Un tale rapporto non è tuttavia lo spunto per gettare uno sguardo curioso e importuno nell’universo carcerario, ma piuttosto una spinta allo spettatore affinché permetta alla sua anima di entrare in sintonia. In questo film, come già accadeva nei precedenti, è attraverso i volti dei personaggi, il loro isolamento su sfondi più o meno neutri e i tempi che sono loro necessari per esprimersi, che la parola compie un percorso inverso, tornando alla sua radice, l’esigenza che la fa emettere dal corpo. Il volto come paesaggio su cui essa si muove e prende forma riconduce lo spettatore all’esperienza dell’altrove, qualcosa che esiste dalle origini del mondo. Perché cercare l’altrove non è mai stato solamente una questione di viaggiare, di percorrere lunghi cammini cercando luoghi e persone sconosciute. Cercare l’altro riporta sempre al cercare se stessi.
Per arrivare a questo «io» nascosto dietro quell’«altro» che mi parla dallo schermo, ci vuole una necessità, una fede, un desiderio assoluto di condivisione. La volontà di Cioni di costruire un’immagine attraverso la parola e il volto di chi la pronuncia rinvia alla possibilità di filmare il visibile per captare ciò che non lo è.

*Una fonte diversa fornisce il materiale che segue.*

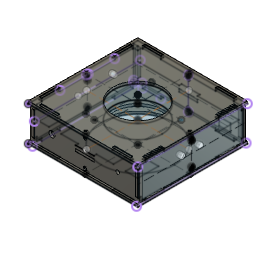
Magnetic-Stirrer (Autodesk Fusion 360 design; units mm, degrees)
Autodesk Fusion 360 part; units mm, degrees
(part 1 of 2)
sketch "Sketch1" plane through (0, 0, 0) normal (0, 1, 0) x (1, 0, 0) in component "floor"
  line L0 (0, 0) -> (180, 0)
  line L1 (180, 0) -> (180, 180)
  line L2 (180, 180) -> (0, 180)
  line L3 (0, 180) -> (0, 0)
  circle A0 centre (90, 90) radius 60
  line L4 (15, 177) -> (45, 177)
  line L5 (45, 177) -> (45, 173)
  line L6 (45, 173) -> (15, 173)
  line L7 (15, 173) -> (15, 177)
  line L8 (90, 180) -> (90, 0) construction
  line L9 (0, 90) -> (180, 90) construction
  line L10 (165, 173) -> (165, 177)
  line L11 (165, 177) -> (135, 177)
  line L12 (135, 173) -> (165, 173)
  line L13 (135, 177) -> (135, 173)
  line L14 (3, 165) -> (7, 165)
  line L15 (7, 165) -> (7, 135)
  line L16 (7, 135) -> (3, 135)
  line L17 (3, 135) -> (3, 165)
  line L18 (45, 7) -> (15, 7)
  line L19 (45, 3) -> (45, 7)
  line L20 (15, 7) -> (15, 3)
  line L21 (165, 7) -> (165, 3)
  line L22 (165, 3) -> (135, 3)
  line L23 (15, 3) -> (45, 3)
  line L24 (135, 7) -> (165, 7)
  line L25 (135, 3) -> (135, 7)
  line L26 (7, 15) -> (7, 45)
  line L27 (7, 45) -> (3, 45)
  line L28 (3, 45) -> (3, 15)
  line L29 (3, 15) -> (7, 15)
  line L30 (173, 135) -> (177, 135)
  line L31 (173, 45) -> (177, 45)
  line L32 (177, 15) -> (173, 15)
  line L33 (177, 135) -> (177, 165)
  line L34 (173, 165) -> (173, 135)
  line L35 (177, 165) -> (173, 165)
  line L36 (177, 45) -> (177, 15)
  line L37 (173, 15) -> (173, 45)
  circle A1 centre (90, 4.5) radius 1.5
  circle A2 centre (90, 175.5) radius 1.5
  circle A3 centre (175.5, 90) radius 1.5
  circle A4 centre (4.5, 90) radius 1.5
  dimension "d8" = 180
  dimension "d9" = 180
  dimension "d10" = 120
  dimension "d11" = 90
  dimension "d12" = 90
  dimension "d13" = 30
  dimension "d14" = 4
  dimension "d15" = 3
  dimension "d16" = 15
  dimension "d17" = 4
  dimension "d18" = 30
  dimension "d19" = 3
  dimension "d20" = 15
  dimension "d21" = 3
  dimension "d22" = 4.5
  dimension "d150" = 3
  dimension "d151" = 4.5
  dimension "d152" = 3
  dimension "d153" = 4.5
  constraint horizontal L0
  constraint vertical L1
  constraint horizontal L2
  constraint vertical L3
  constraint coincident L0.start L3.end
  constraint horizontal L4
  constraint vertical L5
  constraint horizontal L6
  constraint vertical L7
  constraint midpoint L2 L8.start
  constraint midpoint L0 L8.end
  constraint midpoint L3 L9.start
  constraint midpoint L1 L9.end
  constraint symmetric L4.start L8 L10.end
  constraint symmetric L4.end L8 L11.end
  constraint symmetric L5.end L8 L12.start
  constraint symmetric L6.end L8 L10.start
  constraint horizontal L14
  constraint vertical L15
  constraint horizontal L16
  constraint vertical L17
  constraint symmetric L4.start L9 L20.end
  constraint symmetric L4.end L9 L19.start
  constraint symmetric L5.end L9 L18.start
  constraint symmetric L6.end L9 L18.end
  constraint symmetric L9 L11.end L22.end
  constraint symmetric L9 L10.start L21.start
  constraint symmetric L9 L12.start L24.start
  constraint symmetric L9 L10.end L21.end
  constraint symmetric L9 L14.start L28.end
  constraint symmetric L9 L14.end L26.start
  constraint symmetric L9 L15.end L26.end
  constraint symmetric L9 L16.end L27.end
  constraint symmetric L8 L14.start L33.end
  constraint symmetric L8 L14.end L34.start
  constraint symmetric L8 L15.end L30.start
  constraint symmetric L8 L16.end L30.end
  constraint symmetric L8 L27.end L31.end
  constraint symmetric L8 L28.end L32.start
  constraint symmetric L8 L26.start L32.end
  constraint symmetric L8 L26.end L31.start
  constraint coincident L8 A1.centre
  constraint symmetric L9 A1 A2
  constraint coincident L9 A3.centre
  constraint coincident L9 A4.centre
  measures "d8" distance of L0.start L0.end
  measures "d9" distance of L0.start L2.end
  measures "d10" diameter of A0
  measures "d11" distance of L0 A0.centre
  measures "d12" distance of L1 A0.centre
  measures "d13" distance of L4.start L4.end
  measures "d14" distance of L4.start L6.end
  measures "d15" distance of L2 L4
  measures "d16" distance of L3 L7
  measures "d17" distance of L14.start L14.end
  measures "d18" distance of L14.start L16.end
  measures "d19" distance of L3 L17
  measures "d20" distance of L2 L14
  measures "d21" diameter of A1
  measures "d22" distance of L0 A1.centre
  measures "d150" diameter of A3
  measures "d151" distance of L1 A3.centre
  measures "d152" diameter of A4
  measures "d153" distance of L3 A4.centre
extrude "Extrude1" add sketch "Sketch1" along normal blind 4 contours L0 L1 L2 L3 | A3 | A4 makes body 1 in component "floor"
sketch "Sketch2" plane through (0, 0, 0) normal (0, 0, 1) x (1, 0, 0) in component "floor"
ref_plane "WorkPlane1" through (0, 0, -3) normal (0, 0, 1) x (1, 0, 0) in component "front"
sketch "Sketch1 (2)" plane through (0, 0, -3) normal (0, 0, 1) x (1, 0, 0) in component "front"
  line L0 (180, 56) -> (180, 4)
  line L1 (0, 4) -> (0, 56)
  line L2 (45, 4) -> (45, 0)
  line L3 (45, 0) -> (15, 0)
  line L4 (15, 0) -> (15, 4)
  line L5 (0, 0) -> (0, 4)
  line L6 (15, 4) -> (0, 4)
  line L7 (90, 56) -> (90, 4) construction
  line L8 (135, 4) -> (135, 0)
  line L9 (165, 0) -> (165, 4)
  line L10 (135, 0) -> (165, 0)
  line L11 (180, 4) -> (165, 4)
  line L12 (0, 30) -> (180, 30) construction
  line L13 (15, 60) -> (15, 56)
  line L14 (45, 56) -> (45, 60)
  line L15 (45, 60) -> (15, 60)
  line L16 (165, 60) -> (165, 56)
  line L17 (135, 56) -> (135, 60)
  line L18 (135, 60) -> (165, 60)
  line L19 (0, 56) -> (15, 56)
  line L20 (165, 56) -> (180, 56)
  circle A0 centre (36, 30) radius 5
  line L21 (75, 29) -> (105, 29)
  line L22 (105, 29) -> (105, 25)
  line L23 (105, 25) -> (75, 25)
  line L24 (75, 25) -> (75, 29)
  line L25 (3, 50) -> (7, 50)
  line L26 (7, 50) -> (7, 10)
  line L27 (7, 10) -> (3, 10)
  line L28 (3, 10) -> (3, 50)
  line L29 (173, 50) -> (173, 10)
  line L30 (177, 10) -> (177, 50)
  line L31 (173, 10) -> (177, 10)
  line L32 (177, 50) -> (173, 50)
  line L33 (91.5, 56) -> (91.5, 53)
  line L34 (91.5, 53) -> (92.75, 53)
  line L35 (92.75, 53) -> (92.75, 50.5)
  line L36 (92.75, 50.5) -> (91.5, 50.5)
  line L37 (91.5, 50.5) -> (91.5, 49)
  line L38 (91.5, 49) -> (88.5, 49)
  line L39 (88.5, 49) -> (88.5, 50.5)
  line L40 (88.5, 50.5) -> (87.25, 50.5)
  line L41 (87.25, 50.5) -> (87.25, 53)
  line L42 (87.25, 53) -> (88.5, 53)
  line L43 (88.5, 53) -> (88.5, 56)
  line L44 (91.5, 11) -> (88.5, 11)
  line L45 (91.5, 7) -> (92.75, 7)
  line L46 (87.25, 9.5) -> (87.25, 7)
  line L47 (92.75, 9.5) -> (91.5, 9.5)
  line L48 (91.5, 9.5) -> (91.5, 11)
  line L49 (88.5, 11) -> (88.5, 9.5)
  line L50 (92.75, 7) -> (92.75, 9.5)
  line L51 (88.5, 9.5) -> (87.25, 9.5)
  line L52 (87.25, 7) -> (88.5, 7)
  line L53 (91.5, 4) -> (91.5, 7)
  line L54 (88.5, 7) -> (88.5, 4)
  line L55 (45, 56) -> (88.5, 56)
  line L56 (91.5, 56) -> (135, 56)
  line L57 (135, 4) -> (91.5, 4)
  line L58 (88.5, 4) -> (45, 4)
  circle A1 centre (144, 30) radius 3
  dimension "d26" = 52
  dimension "d27" = 180
  dimension "d28" = 4
  dimension "d29" = 30
  dimension "d30" = 4
  dimension "d31" = 15
  dimension "d33" = 90
  dimension "d35" = 10
  dimension "d36" = 30
  dimension "d37" = 36
  dimension "d39" = 30
  dimension "d40" = 4
  dimension "d41" = 75
  dimension "d42" = 27
  dimension "d59" = 4
  dimension "d60" = 40
  dimension "d61" = 3
  dimension "d63" = 10
  dimension "d168" = 3
  dimension "d169" = 1.25
  dimension "d170" = 2.5
  dimension "d171" = 1.25
  dimension "d172" = 3
  dimension "d173" = 1.25
  dimension "d174" = 2.5
  dimension "d175" = 1.25
  dimension "d176" = 3
  dimension "d177" = 88.5
  dimension "d179" = 1.5
  dimension "d192" = 6
  dimension "d193" = 36
  constraint horizontal L19
  constraint vertical L0
  constraint horizontal L11
  constraint vertical L1
  constraint coincident L1 L5.start
  constraint vertical L2
  constraint horizontal L3
  constraint vertical L4
  constraint coincident L4.end L11
  constraint collinear L6 L11
  constraint coincident L7.end L11
  constraint perpendicular L7 L11
  constraint symmetric L4.end L7 L9.end
  constraint symmetric L2.start L7 L8.start
  constraint symmetric L2.end L7 L8.end
  constraint symmetric L3.end L7 L9.start
  constraint collinear L11 L57
  constraint midpoint L1 L12.start
  constraint midpoint L0 L12.end
  constraint symmetric L4.end L12 L13.end
  constraint symmetric L2.start L12 L14.start
  constraint symmetric L2.end L12 L14.end
  constraint symmetric L3.end L12 L13.start
  constraint symmetric L9.end L12 L16.end
  constraint symmetric L9.start L12 L16.start
  constraint symmetric L8.end L12 L17.end
  constraint symmetric L8.start L12 L17.start
  constraint collinear L19 L55
  constraint coincident L7.start L19
  constraint collinear L20 L55
  constraint horizontal L21
  constraint vertical L22
  constraint horizontal L23
  constraint vertical L24
  constraint horizontal L25
  constraint vertical L26
  constraint horizontal L27
  constraint vertical L28
  constraint symmetric L7 L25.start L30.end
  constraint symmetric L7 L25.end L29.start
  constraint symmetric L7 L26.end L29.end
  constraint symmetric L7 L27.end L30.start
  constraint coincident L33.start L55
  constraint perpendicular L33 L55
  constraint perpendicular L7 L34
  constraint perpendicular L34 L35
  constraint perpendicular L7 L36
  constraint perpendicular L36 L37
  constraint perpendicular L7 L38
  constraint perpendicular L36 L39
  constraint perpendicular L7 L40
  constraint perpendicular L40 L41
  constraint perpendicular L41 L42
  constraint perpendicular L43 L55
  constraint symmetric L12 L33.start L53.start
  constraint symmetric L12 L33.end L45.start
  constraint symmetric L12 L34.end L45.end
  constraint symmetric L12 L35.end L47.start
  constraint symmetric L12 L36.end L47.end
  constraint symmetric L12 L37.end L44.start
  constraint symmetric L12 L38.end L44.end
  constraint symmetric L12 L39.end L49.end
  constraint symmetric L12 L40.end L46.start
  constraint symmetric L12 L41.end L46.end
  constraint symmetric L12 L42.end L52.end
  constraint symmetric L12 L43.end L54.end
  constraint collinear L55 L56
  constraint collinear L57 L58
  constraint coincident L12 A1.centre
  measures "d26" distance of L1.end L1.start
  measures "d27" distance of L0 L1
  measures "d28" distance of L5.start L11
  measures "d29" distance of L4.end L2.start
  measures "d30" distance of L4.end L3.end
  measures "d31" distance of L4 L5
  measures "d33" distance of L1 L7
  measures "d35" diameter of A0
  measures "d36" distance of L3 A0.centre
  measures "d37" distance of L1 A0.centre
  measures "d39" distance of L21.start L21.end
  measures "d40" distance of L21.start L23.end
  measures "d41" distance of L1 L24
  measures "d42" distance of L21 L55
  measures "d59" distance of L25.start L25.end
  measures "d60" distance of L25.start L27.end
  measures "d61" distance of L1 L28
  measures "d63" distance of L3 L27
  measures "d168" distance of L33.start L33.end
  measures "d169" distance of L33.end L34.end
  measures "d170" distance of L34.end L35.end
  measures "d171" distance of L35.end L36.end
  measures "d172" distance of L37.end L38.end
  measures "d173" distance of L39.end L40.end
  measures "d174" distance of L40.end L41.end
  measures "d175" distance of L41.end L42.end
  measures "d176" distance of L42.end L43.end
  measures "d177" distance of L0 L33
  measures "d179" distance of L38 L40
  measures "d192" diameter of A1
  measures "d193" distance of L0 A1.centre
extrude "Extrude1'" add sketch "Sketch1 (2)" against normal blind 4 separate body contours L0 L1 L2 L3 L4 L6 L8 L9 L10 L11 L13 L14 L15 L16 L17 L18 L19 L20 L33 L34 L35 L36 L37 L38 L39 L40 L41 L42 L43 L44 L45 L46 L47 L48 L49 L50 L51 L52 L53 L54 L55 L56 L57 L58 | L25 L26 L27 L28 | L29 L30 L31 L32 | A1 makes body 2 in component "front"
ref_plane "WorkPlane1" through (0, 0, -173) normal (0, 0, 1) x (1, 0, 0) in component "back"
sketch "Sketch1 (3)" plane through (0, 0, -173) normal (0, 0, 1) x (1, 0, 0) in component "back"
  line L0 (180, 56) -> (180, 4)
  line L1 (0, 4) -> (0, 56)
  line L2 (45, 4) -> (45, 0)
  line L3 (45, 0) -> (15, 0)
  line L4 (15, 0) -> (15, 4)
  line L5 (0, 0) -> (0, 4)
  line L6 (15, 4) -> (0, 4)
  line L7 (90, 56) -> (90, 4) construction
  line L8 (135, 4) -> (135, 0)
  line L9 (165, 0) -> (165, 4)
  line L10 (135, 0) -> (165, 0)
  line L11 (180, 4) -> (165, 4)
  line L12 (0, 30) -> (180, 30) construction
  line L13 (15, 60) -> (15, 56)
  line L14 (45, 56) -> (45, 60)
  line L15 (45, 60) -> (15, 60)
  line L16 (165, 60) -> (165, 56)
  line L17 (135, 56) -> (135, 60)
  line L18 (135, 60) -> (165, 60)
  line L19 (0, 56) -> (15, 56)
  line L20 (165, 56) -> (180, 56)
  line L21 (75, 29) -> (105, 29)
  line L22 (105, 29) -> (105, 25)
  line L23 (105, 25) -> (75, 25)
  line L24 (75, 25) -> (75, 29)
  line L25 (140.6, 22.5) -> (159.4, 22.5)
  line L26 (159.4, 22.5) -> (159.4, 9.5)
  line L27 (159.4, 9.5) -> (140.6, 9.5)
  line L28 (140.6, 9.5) -> (140.6, 22.5)
  circle A0 centre (30, 16) radius 4
  line L29 (140.6, 16) -> (159.4, 16) construction
  line L30 (3, 50) -> (7, 50)
  line L31 (7, 50) -> (7, 10)
  line L32 (7, 10) -> (3, 10)
  line L33 (3, 10) -> (3, 50)
  line L34 (45, 0) -> (15, 0)
  line L35 (90, 56) -> (90, 4)
  line L36 (177, 10) -> (177, 50)
  line L37 (173, 50) -> (173, 10)
  line L38 (177, 50) -> (173, 50)
  line L39 (173, 10) -> (177, 10)
  line L40 (91.5, 56) -> (91.5, 53)
  line L41 (91.5, 53) -> (92.75, 53)
  line L42 (92.75, 53) -> (92.75, 50.5)
  line L43 (92.75, 50.5) -> (91.5, 50.5)
  line L44 (91.5, 50.5) -> (91.5, 49)
  line L45 (91.5, 49) -> (88.5, 49)
  line L46 (88.5, 49) -> (88.5, 50.5)
  line L47 (88.5, 50.5) -> (87.25, 50.5)
  line L48 (87.25, 50.5) -> (87.25, 53)
  line L49 (87.25, 53) -> (88.5, 53)
  line L50 (88.5, 53) -> (88.5, 56)
  line L51 (91.5, 7) -> (92.75, 7)
  line L52 (91.5, 9.5) -> (91.5, 11)
  line L53 (87.25, 7) -> (88.5, 7)
  line L54 (88.5, 11) -> (88.5, 9.5)
  line L55 (92.75, 7) -> (92.75, 9.5)
  line L56 (91.5, 11) -> (88.5, 11)
  line L57 (92.75, 9.5) -> (91.5, 9.5)
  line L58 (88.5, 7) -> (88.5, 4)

Cioè filmare l’uomo per parlare di umanità, filmare la parola per captare il pensiero, il corpo per scorgere l’anima. [Luciano Barisone]
Arte e vita
Presentato nella sezione Cineasti del presente del Locarno Film Festival, Here for life è un racconto atipico e bizzarro della vita di dieci londinesi, ai margini della città e della società, nato dall’incontro tra la sensibilità cinematografica di Andrea Luka Zimmerman, da sempre rivolta ai temi della giustizia sociale, dell’emarginazione e dell’impegno politico, e l’esperienza teatrale di Adrian Jackson, fondatore del progetto Cardboard Citizens ed esperto del Teatro dell’oppresso.
Un gruppo di persone legate dall’amore e dal dolore, dall’ostinazione e dalla tenerezza si racconta, si interroga e discute le trame di un’esistenza segnata dall’ingiustizia e dall’oppressione, nell’inusuale cornice dei Nomadic Community Gardens, lungo le strade di Londra, fin dentro le loro abitazioni private. Genere, razza, discriminazione sociale, problematiche familiari sono alcuni dei temi affrontati con insolita leggerezza nel corso di una performance collettiva in cui una storia è lo specchio dell’altra e i ruoli si scambiano di scena in scena, al confine tra finzione e realtà.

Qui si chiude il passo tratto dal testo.